Stock Price Prediction
As we can see our model is working fine and is doing accurate predictions.
You can download full code from here
LSTM Variations
1. Vanilla LSTM (Standard LSTM)
- This is the basic version of the LSTM architecture containing a single LSTM layer.
- It processes the input sequence step-by-step using its memory cell and gating system.
- It is suitable for tasks where patterns are not overly complex or hierarchical.
- It serves as the foundation for more advanced LSTM architectures.
2. Stacked LSTM (Deep LSTM)
- Multiple LSTM layers are placed on top of each other, allowing deeper sequence representation learning.
- Lower layers learn simple temporal patterns, while higher layers capture more abstract relationships.
- This architecture is helpful when the task involves complex dependencies across multiple sequence levels.
- It is commonly used in deep learning tasks such as speech modeling and advanced NLP problems.
3. Bidirectional LSTM (BiLSTM)
- The sequence is processed in both forward and backward directions.
- This allows the model to understand both past and future context for each time step.
- It improves performance in tasks where understanding full surrounding context is important such as sentiment analysis and named entity recognition.
- It is especially useful in text-based tasks where each word’s meaning depends on both previous and next words.
4. Peephole LSTM
- Gates are allowed to directly access the cell state, improving timing precision.
- This variation enhances performance in tasks that require fine control of memory updates, such as modeling periodic or time-sensitive patterns.
- It gives the model more visibility into the internal memory dynamics during gate decisions.
5. CNN–LSTM Hybrid
- Convolutional layers handle spatial feature extraction, while LSTMs capture temporal dynamics.
- This combination is useful for sequential image tasks, video analysis and sensor signal recognition.
- CNN layers reduce input dimensionality, allowing LSTMs to focus on temporal relationships more efficiently.
6. Encoder–Decoder LSTM
- One LSTM acts as an encoder to compress the sequence into a fixed representation.
- Another LSTM acts as a decoder to generate the output sequence.
- This structure is used in tasks like machine translation, text summarization and sequence generation.
- It was the main architecture for seq-to-seq models before attention and transformer mechanisms became popular.
7. Attention-LSTM Models
- Attention mechanisms are added to allow the model to focus on specific parts of the input sequence during decoding.
- This significantly improves performance by highlighting important steps rather than treating all equally.

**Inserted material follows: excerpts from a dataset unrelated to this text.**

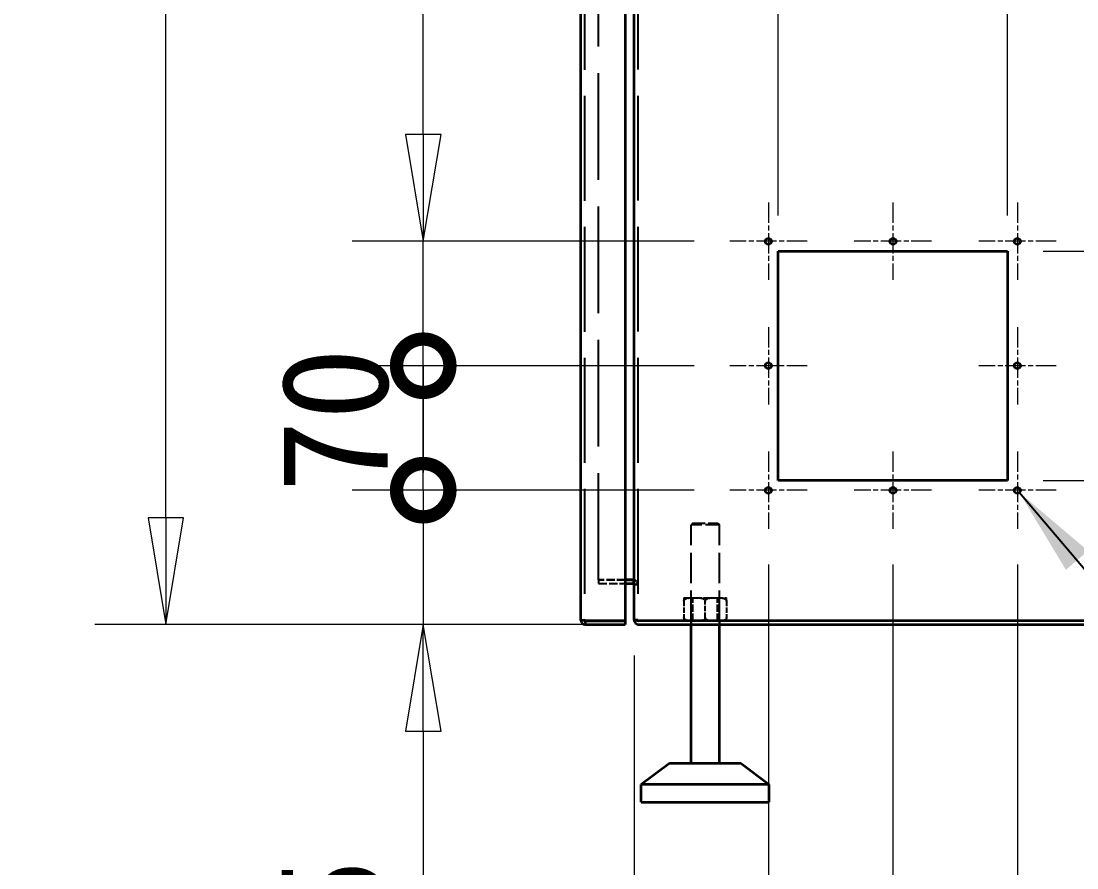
# Model space of a CAD drawing. Header units: millimetres. Extents: x 200 to 5740, y 200 to 4000.
# Drawn here: x 3401 to 3994, y 821 to 1297 of the extents above; entities that cross this region are included whole.
import ezdxf

# ---------------------------------------------------------------- set-up
doc = ezdxf.new("R2010")
doc.units = ezdxf.units.MM
doc.header["$LTSCALE"] = 20
doc.linetypes.add('CHAIN', pattern=[0.3543, 0.2362, -0.0295, 0.0591, -0.0295])
doc.linetypes.add('DASHED', pattern=[0.2067, 0.1654, -0.0413])
for name, color, linetype, lineweight in [('中心標記 (ISO)', 7, 'Continuous', 18), ('可見 (ISO)', 7, 'Continuous', 35), ('標註 (ISO)', 7, 'Continuous', 18), ('符號 (ISO)', 7, 'Continuous', 25), ('隱藏 (ISO)', 7, 'DASHED', 25)]:
    doc.layers.add(name, color=color, linetype=linetype, lineweight=lineweight)
doc.styles.add('註記文字 (JIS)', font='kaiu.ttf')
doc.dimstyles.new('預設 (JIS)', dxfattribs={"dimscale": 20, "dimtxt": 3, "dimasz": 3, "dimexe": 2, "dimexo": 1, "dimgap": 0.8, "dimtad": 1, "dimrnd": 1e-08, "dimdsep": 46, "dimtxsty": '註記文字 (JIS)', "dimblk": 'Filled-1', "dimcen": 0.09, "dimdle": 10, "dimclrd": 256, "dimclre": 256, "dimclrt": 256, "dimadec": 0, "dimazin": 2, "dimtfac": 0.833333, "dimtmove": 0, "dimatfit": 3, "dimfxl": 0, "dimtolj": 1, "dimtzin": 0, "dimlwd": -1, "dimlwe": -1, "dimarcsym": 0})
doc.dimstyles.new('預設 (JIS)$7', dxfattribs={"dimscale": 20, "dimtxt": 3, "dimasz": 2.5, "dimexe": 2, "dimexo": 1, "dimgap": 0.8, "dimtad": 1, "dimrnd": 1e-08, "dimdsep": 46, "dimtxsty": '註記文字 (JIS)', "dimblk": 'Filled-1', "dimcen": 0.09, "dimdle": 10, "dimclrd": 256, "dimclre": 256, "dimclrt": 256, "dimadec": 0, "dimazin": 2, "dimtfac": 0.833333, "dimtmove": 0, "dimatfit": 3, "dimfxl": 0, "dimtolj": 1, "dimtzin": 0, "dimlwd": -1, "dimlwe": -1, "dimarcsym": 0})

# ---------------------------------------------------------------- blocks, each defined once
blk = doc.blocks.new('_DotSmall')
at = {"color": 0, "linetype": 'ByBlock', "const_width": 0.5}
blk.add_lwpolyline([(-0.0625, 0, 1), (0.0625, 0, 1)], format="xyb", close=True, dxfattribs=at)
blk = doc.blocks.new('Filled-1')
at = {"color": 0}
for p, q in [((0, 0), (-1, 0.1667)), ((-1, 0.1667), (-1, -0.1667)), ((-1, 0), (0, 0)), ((-1, -0.1667), (0, 0))]:
    blk.add_line(p, q, dxfattribs=at)
at = {"color": 0, "flags": 128}
blk.add_lwpolyline([(-1, -0.1667), (0, 0)], dxfattribs=at)
at = {"color": 0}
blk.add_solid([(-1, -0.1667), (0, 0), (-1, 0.1667), (-1, -0.1667)], dxfattribs=at)
blk = doc.blocks.new('*D23')
at = {"layer": 'Defpoints', "color": 0}
for p in [(3626.69, 1033.51), (3799.03, 1033.51), (3747.78, 958.01)]:
    blk.add_point(p, dxfattribs=at)
at = {"layer": '標註 (ISO)'}
for p, q in [((3626.69, 1033.51), (3626.69, 1153.51)), ((3779.03, 1033.51), (3586.69, 1033.51)), ((3626.69, 1033.51), (3626.69, 958.01)), ((3727.78, 958.01), (3586.69, 958.01)), ((3626.69, 898.01), (3626.69, 647.14))]:
    blk.add_line(p, q, dxfattribs=at)
at = {"layer": '標註 (ISO)', "xscale": 60, "yscale": 60, "zscale": 60}
for name, p, rotation in [('_DotSmall', (3626.69, 1033.51), 270), ('Filled-1', (3626.69, 958.01), 90)]:
    blk.add_blockref(name, p, dxfattribs=dict(at, rotation=rotation))
at = {"layer": '標註 (ISO)', "insert": (3545.3, 663.14), "char_height": 60, "attachment_point": 1, "rotation": 90, "style": '註記文字 (JIS)'}
blk.add_mtext('\\A1;75.5', dxfattribs=at)
blk = doc.blocks.new('*D25')
at = {"layer": 'Defpoints', "color": 0}
for p in [(3626.69, 1103.51), (3799.03, 1103.51), (3799.03, 1033.51)]:
    blk.add_point(p, dxfattribs=at)
at = {"layer": '標註 (ISO)'}
for p, q in [((3779.03, 1103.51), (3586.69, 1103.51)), ((3626.69, 1033.51), (3626.69, 1103.51)), ((3779.03, 1033.51), (3586.69, 1033.51))]:
    blk.add_line(p, q, dxfattribs=at)
at = {"layer": '標註 (ISO)', "xscale": 60, "yscale": 60, "zscale": 60}
for p, rotation in [((3626.69, 1103.51), 90), ((3626.69, 1033.51), 270)]:
    blk.add_blockref('_DotSmall', p, dxfattribs=dict(at, rotation=rotation))
at = {"layer": '標註 (ISO)', "insert": (3546.71, 1032.04), "char_height": 60, "attachment_point": 1, "rotation": 90, "style": '註記文字 (JIS)'}
blk.add_mtext('\\A1;70', dxfattribs=at)
blk = doc.blocks.new('*D26')
at = {"layer": 'Defpoints', "color": 0}
for p in [(3626.69, 1173.51), (3799.03, 1173.51), (3799.03, 1103.51)]:
    blk.add_point(p, dxfattribs=at)
at = {"layer": '標註 (ISO)'}
for p, q in [((3626.69, 1233.51), (3626.69, 1398.43)), ((3779.03, 1173.51), (3586.69, 1173.51)), ((3626.69, 1103.51), (3626.69, 1173.51)), ((3779.03, 1103.51), (3586.69, 1103.51)), ((3626.69, 1103.51), (3626.69, 1043.51))]:
    blk.add_line(p, q, dxfattribs=at)
at = {"layer": '標註 (ISO)', "xscale": 60, "yscale": 60, "zscale": 60}
for name, p, rotation in [('Filled-1', (3626.69, 1173.51), 270), ('_DotSmall', (3626.69, 1103.51), 90)]:
    blk.add_blockref(name, p, dxfattribs=dict(at, rotation=rotation))
at = {"layer": '標註 (ISO)', "insert": (3546.71, 1309.51), "char_height": 60, "attachment_point": 1, "rotation": 90, "style": '註記文字 (JIS)'}
blk.add_mtext('\\A1;70', dxfattribs=at)
blk = doc.blocks.new('*D27')
at = {"layer": 'Defpoints', "color": 0}
for p in [(3820.78, 1011.76), (3745.28, 960.58), (3820.78, 709.05)]:
    blk.add_point(p, dxfattribs=at)
at = {"layer": '標註 (ISO)'}
for p, q in [((3820.78, 991.76), (3820.78, 669.05)), ((3745.28, 940.58), (3745.28, 669.05)), ((3685.28, 709.05), (3434.42, 709.05)), ((3820.78, 709.05), (3745.28, 709.05)), ((3820.78, 709.05), (3940.78, 709.05))]:
    blk.add_line(p, q, dxfattribs=at)
at = {"layer": '標註 (ISO)', "xscale": 60, "yscale": 60, "zscale": 60, "rotation": 180}
blk.add_blockref('_DotSmall', (3820.78, 709.05), dxfattribs=at)
at = {"layer": '標註 (ISO)', "xscale": 60, "yscale": 60, "zscale": 60}
blk.add_blockref('Filled-1', (3745.28, 709.05), dxfattribs=at)
at = {"layer": '標註 (ISO)', "insert": (3450.42, 790.43), "char_height": 60, "attachment_point": 1, "style": '註記文字 (JIS)'}
blk.add_mtext('\\A1;75.5', dxfattribs=at)
blk = doc.blocks.new('*D28')
at = {"layer": 'Defpoints', "color": 0}
for p in [(3820.78, 1011.76), (3890.78, 1011.76), (3890.78, 709.05)]:
    blk.add_point(p, dxfattribs=at)
at = {"layer": '標註 (ISO)'}
for p, q in [((3820.78, 991.76), (3820.78, 669.05)), ((3890.78, 991.76), (3890.78, 669.05)), ((3820.78, 709.05), (3890.78, 709.05))]:
    blk.add_line(p, q, dxfattribs=at)
at = {"layer": '標註 (ISO)', "xscale": 60, "yscale": 60, "zscale": 60, "rotation": 180}
blk.add_blockref('_DotSmall', (3820.78, 709.05), dxfattribs=at)
at = {"layer": '標註 (ISO)', "xscale": 60, "yscale": 60, "zscale": 60}
blk.add_blockref('_DotSmall', (3890.78, 709.05), dxfattribs=at)
at = {"layer": '標註 (ISO)', "insert": (3819.32, 789.02), "char_height": 60, "attachment_point": 1, "style": '註記文字 (JIS)'}
blk.add_mtext('\\A1;70', dxfattribs=at)
blk = doc.blocks.new('*D29')
at = {"layer": 'Defpoints', "color": 0}
for p in [(3890.78, 1011.76), (3960.78, 1011.76), (3960.78, 709.05)]:
    blk.add_point(p, dxfattribs=at)
at = {"layer": '標註 (ISO)'}
for p, q in [((3890.78, 991.76), (3890.78, 669.05)), ((3960.78, 991.76), (3960.78, 669.05)), ((3890.78, 709.05), (3830.78, 709.05)), ((3890.78, 709.05), (3960.78, 709.05)), ((4020.78, 709.05), (4185.71, 709.05))]:
    blk.add_line(p, q, dxfattribs=at)
at = {"layer": '標註 (ISO)', "xscale": 60, "yscale": 60, "zscale": 60}
blk.add_blockref('_DotSmall', (3890.78, 709.05), dxfattribs=at)
at = {"layer": '標註 (ISO)', "xscale": 60, "yscale": 60, "zscale": 60, "rotation": 180}
blk.add_blockref('Filled-1', (3960.78, 709.05), dxfattribs=at)
at = {"layer": '標註 (ISO)', "insert": (4096.78, 789.02), "char_height": 60, "attachment_point": 1, "style": '註記文字 (JIS)'}
blk.add_mtext('\\A1;70', dxfattribs=at)
blk = doc.blocks.new('*D30')
at = {"layer": 'Defpoints', "color": 0}
for p in [(3955.28, 1039.01), (4224.31, 1039.01), (4342.78, 958.01)]:
    blk.add_point(p, dxfattribs=at)
at = {"layer": '標註 (ISO)'}
for p, q in [((4224.31, 1099.01), (4224.31, 1159.01)), ((3975.28, 1039.01), (4264.31, 1039.01)), ((4224.31, 958.01), (4224.31, 1039.01)), ((4224.31, 898.01), (4224.31, 838.01))]:
    blk.add_line(p, q, dxfattribs=at)
at = {"layer": '標註 (ISO)', "xscale": 60, "yscale": 60, "zscale": 60}
for p, rotation in [((4224.31, 1039.01), 270), ((4224.31, 958.01), 90)]:
    blk.add_blockref('Filled-1', p, dxfattribs=dict(at, rotation=rotation))
at = {"layer": '標註 (ISO)', "insert": (4144.34, 964.03), "char_height": 60, "attachment_point": 1, "rotation": 90, "style": '註記文字 (JIS)'}
blk.add_mtext('\\A1;81', dxfattribs=at)
blk = doc.blocks.new('*D31')
at = {"layer": 'Defpoints', "color": 0}
for p in [(3955.28, 1168.01), (3955.28, 1039.01), (4224.31, 1039.01)]:
    blk.add_point(p, dxfattribs=at)
at = {"layer": '標註 (ISO)'}
for p, q in [((4224.31, 1228.01), (4224.31, 1433.46)), ((3975.28, 1168.01), (4264.31, 1168.01)), ((4224.31, 1039.01), (4224.31, 1168.01)), ((3975.28, 1039.01), (4264.31, 1039.01)), ((4224.31, 979.01), (4224.31, 919.01))]:
    blk.add_line(p, q, dxfattribs=at)
at = {"layer": '標註 (ISO)', "xscale": 60, "yscale": 60, "zscale": 60}
for p, rotation in [((4224.31, 1168.01), 270), ((4224.31, 1039.01), 90)]:
    blk.add_blockref('Filled-1', p, dxfattribs=dict(at, rotation=rotation))
at = {"layer": '標註 (ISO)', "insert": (4144.34, 1304.01), "char_height": 60, "attachment_point": 1, "rotation": 90, "style": '註記文字 (JIS)'}
blk.add_mtext('\\A1;129', dxfattribs=at)
blk = doc.blocks.new('*D32')
at = {"layer": 'Defpoints', "color": 0}
for p in [(3826.28, 1394.36), (3745.28, 1321.23), (3826.28, 1168.01)]:
    blk.add_point(p, dxfattribs=at)
at = {"layer": '標註 (ISO)'}
for p, q in [((3826.28, 1188.01), (3826.28, 1434.36)), ((3685.28, 1394.36), (3524.33, 1394.36)), ((3826.28, 1394.36), (3745.28, 1394.36)), ((3886.28, 1394.36), (3946.28, 1394.36))]:
    blk.add_line(p, q, dxfattribs=at)
at = {"layer": '標註 (ISO)', "xscale": 60, "yscale": 60, "zscale": 60}
blk.add_blockref('Filled-1', (3745.28, 1394.36), dxfattribs=at)
at = {"layer": '標註 (ISO)', "xscale": 60, "yscale": 60, "zscale": 60, "rotation": 180}
blk.add_blockref('Filled-1', (3826.28, 1394.36), dxfattribs=at)
at = {"layer": '標註 (ISO)', "insert": (3540.33, 1474.33), "char_height": 60, "attachment_point": 1, "style": '註記文字 (JIS)'}
blk.add_mtext('\\A1;81', dxfattribs=at)
blk = doc.blocks.new('*D33')
at = {"layer": 'Defpoints', "color": 0}
for p in [(3955.28, 1394.36), (3826.28, 1168.01), (3955.28, 1168.01)]:
    blk.add_point(p, dxfattribs=at)
at = {"layer": '標註 (ISO)'}
for p, q in [((3826.28, 1188.01), (3826.28, 1434.36)), ((3955.28, 1188.01), (3955.28, 1434.36)), ((3766.28, 1394.36), (3706.28, 1394.36)), ((3826.28, 1394.36), (3955.28, 1394.36)), ((4015.28, 1394.36), (4220.74, 1394.36))]:
    blk.add_line(p, q, dxfattribs=at)
at = {"layer": '標註 (ISO)', "xscale": 60, "yscale": 60, "zscale": 60}
blk.add_blockref('Filled-1', (3826.28, 1394.36), dxfattribs=at)
at = {"layer": '標註 (ISO)', "xscale": 60, "yscale": 60, "zscale": 60, "rotation": 180}
blk.add_blockref('Filled-1', (3955.28, 1394.36), dxfattribs=at)
at = {"layer": '標註 (ISO)', "insert": (4091.28, 1474.33), "char_height": 60, "attachment_point": 1, "style": '註記文字 (JIS)'}
blk.add_mtext('\\A1;129', dxfattribs=at)
blk = doc.blocks.new('*D34')
at = {"layer": 'Defpoints', "color": 0}
for p in [(3481.97, 2442.51), (3799.03, 2442.51), (3747.78, 958.01)]:
    blk.add_point(p, dxfattribs=at)
at = {"layer": '標註 (ISO)'}
for p, q in [((3779.03, 2442.51), (3441.97, 2442.51)), ((3481.97, 1018.01), (3481.97, 2442.51)), ((3727.78, 958.01), (3441.97, 958.01))]:
    blk.add_line(p, q, dxfattribs=at)
at = {"layer": '標註 (ISO)', "xscale": 60, "yscale": 60, "zscale": 60}
for name, p, rotation in [('_DotSmall', (3481.97, 2442.51), 90), ('Filled-1', (3481.97, 958.01), 270)]:
    blk.add_blockref(name, p, dxfattribs=dict(at, rotation=rotation))
at = {"layer": '標註 (ISO)', "insert": (3400.58, 1579.68), "char_height": 60, "attachment_point": 1, "rotation": 90, "style": '註記文字 (JIS)'}
blk.add_mtext('\\A1;1484.5', dxfattribs=at)
blk = doc.blocks.new('*D40')
at = {"layer": 'Defpoints', "color": 0}
for p in [(3955.28, 2448.01), (4476.87, 2448.01), (4342.78, 958.01)]:
    blk.add_point(p, dxfattribs=at)
at = {"layer": '標註 (ISO)'}
for p, q in [((3975.28, 2448.01), (4516.87, 2448.01)), ((4476.87, 1018.01), (4476.87, 2388.01)), ((4362.78, 958.01), (4516.87, 958.01))]:
    blk.add_line(p, q, dxfattribs=at)
at = {"layer": '標註 (ISO)', "xscale": 60, "yscale": 60, "zscale": 60}
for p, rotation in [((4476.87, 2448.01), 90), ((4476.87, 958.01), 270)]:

- It is widely used in translation, text generation and speech tasks before full Transformer models took over.
LSTM vs. GRU
Let's compare LSTM and GRU:
| Feature | LSTM | GRU |
|---|---|---|
| Gates | 3 gates (Input, Forget, Output) | 2 gates (Update, Reset) |
| Memory Structure | Separate Cell State + Hidden State | Single combined Hidden State |
| Complexity | More complex, more parameters | Simpler, fewer parameters |
| Training Speed | Slower | Faster |
| Long-Term Dependency Handling | Stronger for very long sequences | Good but slightly less precise for very long dependencies |
| Model Size & Efficiency | Larger and more resource-heavy | Smaller, efficient, suitable for real-time and mobile use |
Applications
- **Natural Language Processing (NLP): They are widely used for tasks like sentiment analysis, text classification and language modeling because they understand long-term word dependencies.
- **Machine Translation: LSTM based encoder–decoder models translate text between languages by learning relationships across long sentence sequences.
- **Speech Recognition: It analyze temporal variations in audio and improve accuracy in converting speech to text.
- **Time-Series Forecasting: It predict future values in financial markets, weather systems, energy demand and other temporal datasets.
- **Anomaly Detection: It can detect unusual patterns in sequences, making them useful in fraud detection, network monitoring and industrial fault prediction.